— Task description —
A bare number is all that is needed: how many lines below contain the string "mechanical"?

— Records for the task —
:::
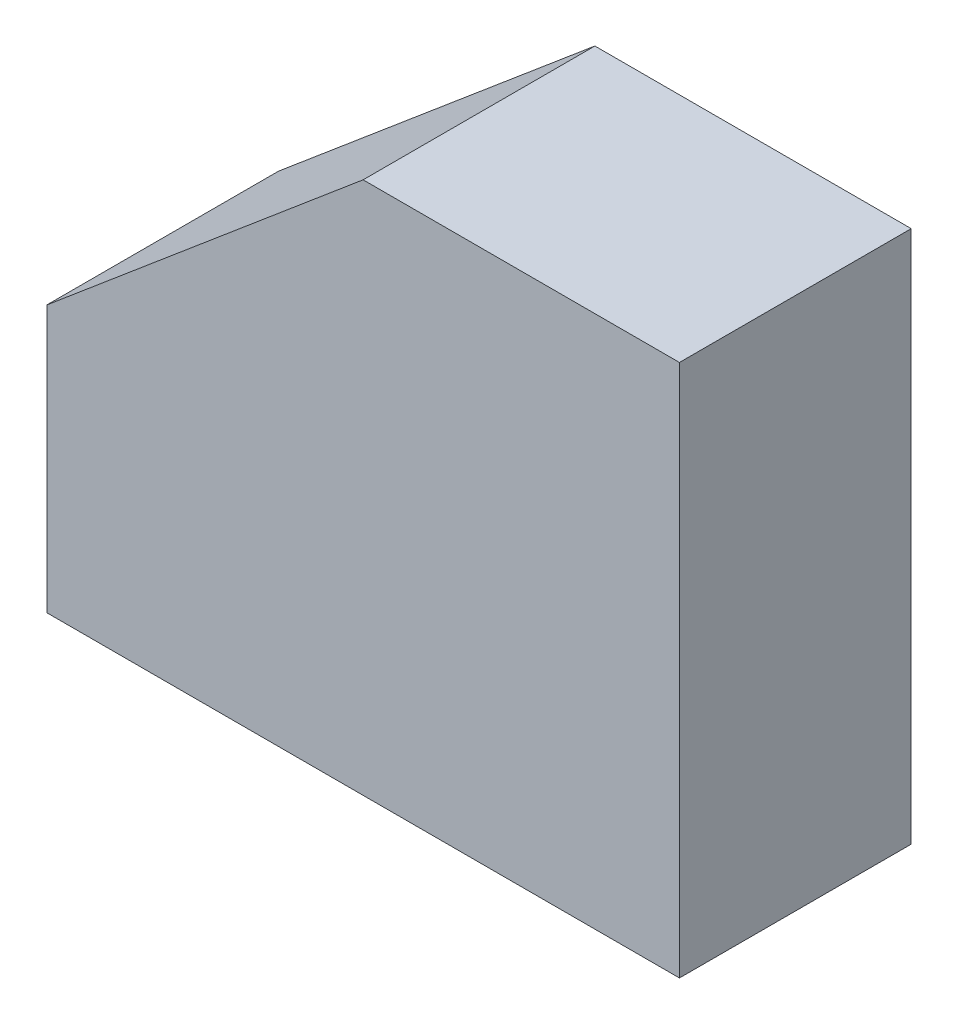
ISO-10303-21;
HEADER;
FILE_DESCRIPTION(('STEP AP214'),'2;1');
FILE_NAME('part.step','',(''),(''),'','','');
FILE_SCHEMA(('AUTOMOTIVE_DESIGN { 1 0 10303 214 1 1 1 1 }'));
ENDSEC;
DATA;
#1=APPLICATION_CONTEXT('core data for automotive mechanical design processes');
#2=APPLICATION_PROTOCOL_DEFINITION('international standard','automotive_design',2000,#1);
#3=PRODUCT_CONTEXT('',#1,'mechanical');
#4=PRODUCT('Part','Part','',(#3));
#5=PRODUCT_RELATED_PRODUCT_CATEGORY('part','',(#4));
#6=PRODUCT_DEFINITION_FORMATION('','',#4);
#7=PRODUCT_DEFINITION_CONTEXT('part definition',#1,'design');
#8=PRODUCT_DEFINITION('design','',#6,#7);
#9=PRODUCT_DEFINITION_SHAPE('','',#8);
#10=(LENGTH_UNIT() NAMED_UNIT(*) SI_UNIT(.MILLI.,.METRE.));
#11=(NAMED_UNIT(*) PLANE_ANGLE_UNIT() SI_UNIT($,.RADIAN.));
#12=(NAMED_UNIT(*) SI_UNIT($,.STERADIAN.) SOLID_ANGLE_UNIT());
#13=UNCERTAINTY_MEASURE_WITH_UNIT(LENGTH_MEASURE(1.E-05),#10,'distance_accuracy_value','');
#14=(GEOMETRIC_REPRESENTATION_CONTEXT(3) GLOBAL_UNCERTAINTY_ASSIGNED_CONTEXT((#13)) GLOBAL_UNIT_ASSIGNED_CONTEXT((#10,
#11,#12)) REPRESENTATION_CONTEXT('',''));
#15=CARTESIAN_POINT('',(0.,0.,0.));
#16=DIRECTION('',(0.,0.,1.));
#17=DIRECTION('',(1.,0.,0.));
#18=AXIS2_PLACEMENT_3D('',#15,#16,#17);
#19=CARTESIAN_POINT('',(0.,0.,2.5));
#20=DIRECTION('',(1.,0.,0.));
#21=DIRECTION('',(0.,0.,-1.));
#22=AXIS2_PLACEMENT_3D('',#19,#20,#21);
#23=PLANE('',#22);
#24=DIRECTION('',(0.,-1.,0.));
#25=VECTOR('',#24,1.);
#26=CARTESIAN_POINT('',(0.,0.,2.5));
#27=LINE('',#26,#25);
#28=CARTESIAN_POINT('',(0.,5.74995759613368,2.5));
#29=VERTEX_POINT('',#28);
#30=CARTESIAN_POINT('',(0.,0.,2.5));
#31=VERTEX_POINT('',#30);
#32=EDGE_CURVE('E78',#29,#31,#27,.T.);
#33=ORIENTED_EDGE('',*,*,#32,.F.);
#34=DIRECTION('',(0.,0.,-1.));
#35=VECTOR('',#34,1.);
#36=CARTESIAN_POINT('',(0.,5.74995759613368,7.5));
#37=LINE('',#36,#35);
#38=CARTESIAN_POINT('',(0.,5.74995759613368,-2.5));
#39=VERTEX_POINT('',#38);
#40=EDGE_CURVE('E89',#29,#39,#37,.T.);
#41=ORIENTED_EDGE('',*,*,#40,.T.);
#42=DIRECTION('',(0.,-1.,0.));
#43=VECTOR('',#42,1.);
#44=CARTESIAN_POINT('',(0.,0.,-2.5));
#45=LINE('',#44,#43);
#46=CARTESIAN_POINT('',(0.,0.,-2.5));
#47=VERTEX_POINT('',#46);
#48=EDGE_CURVE('E97',#39,#47,#45,.T.);
#49=ORIENTED_EDGE('',*,*,#48,.T.);
#50=DIRECTION('',(0.,0.,-1.));
#51=VECTOR('',#50,1.);
#52=CARTESIAN_POINT('',(0.,0.,2.5));
#53=LINE('',#52,#51);
#54=EDGE_CURVE('E11',#31,#47,#53,.T.);
#55=ORIENTED_EDGE('',*,*,#54,.F.);
#56=EDGE_LOOP('',(#33,#41,#49,#55));
#57=FACE_BOUND('',#56,.T.);
#58=ADVANCED_FACE('F33',(#57),#23,.F.);
#59=CARTESIAN_POINT('',(0.,0.,2.5));
#60=DIRECTION('',(0.,1.,0.));
#61=DIRECTION('',(0.,0.,1.));
#62=AXIS2_PLACEMENT_3D('',#59,#60,#61);
#63=PLANE('',#62);
#64=DIRECTION('',(1.,0.,0.));
#65=VECTOR('',#64,1.);
#66=CARTESIAN_POINT('',(0.,0.,-2.5));
#67=LINE('',#66,#65);
#68=CARTESIAN_POINT('',(13.6484570721336,0.,-2.5));
#69=VERTEX_POINT('',#68);
#70=EDGE_CURVE('E102',#47,#69,#67,.T.);
#71=ORIENTED_EDGE('',*,*,#70,.T.);
#72=DIRECTION('',(0.,0.,-1.));
#73=VECTOR('',#72,1.);
#74=CARTESIAN_POINT('',(13.6484570721336,0.,2.5));
#75=LINE('',#74,#73);
#76=CARTESIAN_POINT('',(13.6484570721336,0.,2.5));
#77=VERTEX_POINT('',#76);
#78=EDGE_CURVE('E40',#77,#69,#75,.T.);
#79=ORIENTED_EDGE('',*,*,#78,.F.);
#80=DIRECTION('',(1.,0.,0.));
#81=VECTOR('',#80,1.);
#82=CARTESIAN_POINT('',(0.,0.,2.5));
#83=LINE('',#82,#81);
#84=EDGE_CURVE('E120',#31,#77,#83,.T.);
#85=ORIENTED_EDGE('',*,*,#84,.F.);
#86=ORIENTED_EDGE('',*,*,#54,.T.);
#87=EDGE_LOOP('',(#71,#79,#85,#86));
#88=FACE_BOUND('',#87,.T.);
#89=ADVANCED_FACE('F125',(#88),#63,.F.);
#90=CARTESIAN_POINT('',(13.6484570721336,0.,2.5));
#91=DIRECTION('',(-1.,0.,0.));
#92=DIRECTION('',(0.,0.,1.));
#93=AXIS2_PLACEMENT_3D('',#90,#91,#92);
#94=PLANE('',#93);
#95=DIRECTION('',(0.,1.,0.));
#96=VECTOR('',#95,1.);
#97=CARTESIAN_POINT('',(13.6484570721336,0.,-2.5));
#98=LINE('',#97,#96);
#99=CARTESIAN_POINT('',(13.6484570721336,11.4999151922674,-2.5));
#100=VERTEX_POINT('',#99);
#101=EDGE_CURVE('E73',#69,#100,#98,.T.);
#102=ORIENTED_EDGE('',*,*,#101,.T.);
#103=DIRECTION('',(0.,0.,-1.));
#104=VECTOR('',#103,1.);
#105=CARTESIAN_POINT('',(13.6484570721336,11.4999151922674,2.5));
#106=LINE('',#105,#104);
#107=CARTESIAN_POINT('',(13.6484570721336,11.4999151922674,2.5));
#108=VERTEX_POINT('',#107);
#109=EDGE_CURVE('E113',#108,#100,#106,.T.);
#110=ORIENTED_EDGE('',*,*,#109,.F.);
#111=DIRECTION('',(0.,1.,0.));
#112=VECTOR('',#111,1.);
#113=CARTESIAN_POINT('',(13.6484570721336,0.,2.5));
#114=LINE('',#113,#112);
#115=EDGE_CURVE('E56',#77,#108,#114,.T.);
#116=ORIENTED_EDGE('',*,*,#115,.F.);
#117=ORIENTED_EDGE('',*,*,#78,.T.);
#118=EDGE_LOOP('',(#102,#110,#116,#117));
#119=FACE_BOUND('',#118,.T.);
#120=ADVANCED_FACE('F115',(#119),#94,.F.);
#121=CARTESIAN_POINT('',(0.,11.4999151922674,2.5));
#122=DIRECTION('',(0.,-1.,0.));
#123=DIRECTION('',(0.,0.,-1.));
#124=AXIS2_PLACEMENT_3D('',#121,#122,#123);
#125=PLANE('',#124);
#126=DIRECTION('',(-1.,0.,0.));
#127=VECTOR('',#126,1.);
#128=CARTESIAN_POINT('',(0.,11.4999151922674,-2.5));
#129=LINE('',#128,#127);
#130=CARTESIAN_POINT('',(6.82422853606681,11.4999151922674,-2.5));
#131=VERTEX_POINT('',#130);
#132=EDGE_CURVE('E111',#100,#131,#129,.T.);
#133=ORIENTED_EDGE('',*,*,#132,.T.);
#134=DIRECTION('',(0.,0.,-1.));
#135=VECTOR('',#134,1.);
#136=CARTESIAN_POINT('',(6.82422853606681,11.4999151922674,7.5));
#137=LINE('',#136,#135);
#138=CARTESIAN_POINT('',(6.82422853606681,11.4999151922674,2.5));
#139=VERTEX_POINT('',#138);
#140=EDGE_CURVE('E47',#139,#131,#137,.T.);
#141=ORIENTED_EDGE('',*,*,#140,.F.);
#142=DIRECTION('',(-1.,0.,0.));
#143=VECTOR('',#142,1.);
#144=CARTESIAN_POINT('',(0.,11.4999151922674,2.5));
#145=LINE('',#144,#143);
#146=EDGE_CURVE('E107',#108,#139,#145,.T.);
#147=ORIENTED_EDGE('',*,*,#146,.F.);
#148=ORIENTED_EDGE('',*,*,#109,.T.);
#149=EDGE_LOOP('',(#133,#141,#147,#148));
#150=FACE_BOUND('',#149,.T.);
#151=ADVANCED_FACE('F118',(#150),#125,.F.);
#152=CARTESIAN_POINT('',(0.,11.4999151922674,2.5));
#153=DIRECTION('',(0.,0.,-1.));
#154=DIRECTION('',(-1.,0.,0.));
#155=AXIS2_PLACEMENT_3D('',#152,#153,#154);
#156=PLANE('',#155);
#157=ORIENTED_EDGE('',*,*,#146,.T.);
#158=DIRECTION('',(-0.764732341955619,-0.64434807764676,0.));
#159=VECTOR('',#158,1.);
#160=CARTESIAN_POINT('',(2.83331353844022,8.13725055041865,2.5));
#161=LINE('',#160,#159);
#162=EDGE_CURVE('E99',#139,#29,#161,.T.);
#163=ORIENTED_EDGE('',*,*,#162,.T.);
#164=ORIENTED_EDGE('',*,*,#32,.T.);
#165=ORIENTED_EDGE('',*,*,#84,.T.);
#166=ORIENTED_EDGE('',*,*,#115,.T.);
#167=EDGE_LOOP('',(#157,#163,#164,#165,#166));
#168=FACE_BOUND('',#167,.T.);
#169=ADVANCED_FACE('F124',(#168),#156,.F.);
#170=CARTESIAN_POINT('',(0.,11.4999151922674,-2.5));
#171=DIRECTION('',(0.,0.,-1.));
#172=DIRECTION('',(-1.,0.,0.));
#173=AXIS2_PLACEMENT_3D('',#170,#171,#172);
#174=PLANE('',#173);
#175=DIRECTION('',(-0.764732341955619,-0.64434807764676,0.));
#176=VECTOR('',#175,1.);
#177=CARTESIAN_POINT('',(6.82422853606681,11.4999151922674,-2.5));
#178=LINE('',#177,#176);
#179=EDGE_CURVE('E86',#131,#39,#178,.T.);
#180=ORIENTED_EDGE('',*,*,#179,.F.);
#181=ORIENTED_EDGE('',*,*,#132,.F.);
#182=ORIENTED_EDGE('',*,*,#101,.F.);
#183=ORIENTED_EDGE('',*,*,#70,.F.);
#184=ORIENTED_EDGE('',*,*,#48,.F.);
#185=EDGE_LOOP('',(#180,#181,#182,#183,#184));
#186=FACE_BOUND('',#185,.T.);
#187=ADVANCED_FACE('F101',(#186),#174,.T.);
#188=CARTESIAN_POINT('',(6.82422853606681,11.4999151922674,7.5));
#189=DIRECTION('',(0.64434807764676,-0.764732341955619,0.));
#190=DIRECTION('',(0.764732341955619,0.64434807764676,0.));
#191=AXIS2_PLACEMENT_3D('',#188,#189,#190);
#192=PLANE('',#191);
#193=ORIENTED_EDGE('',*,*,#140,.T.);
#194=ORIENTED_EDGE('',*,*,#179,.T.);
#195=ORIENTED_EDGE('',*,*,#40,.F.);
#196=ORIENTED_EDGE('',*,*,#162,.F.);
#197=EDGE_LOOP('',(#193,#194,#195,#196));
#198=FACE_BOUND('',#197,.T.);
#199=ADVANCED_FACE('F88',(#198),#192,.F.);
#200=CLOSED_SHELL('',(#58,#89,#120,#151,#169,#187,#199));
#201=MANIFOLD_SOLID_BREP('B2',#200);
#202=ADVANCED_BREP_SHAPE_REPRESENTATION('',(#18,#201),#14);
#203=SHAPE_DEFINITION_REPRESENTATION(#9,#202);
ENDSEC;
END-ISO-10303-21;
:::
— Finished exercise —
2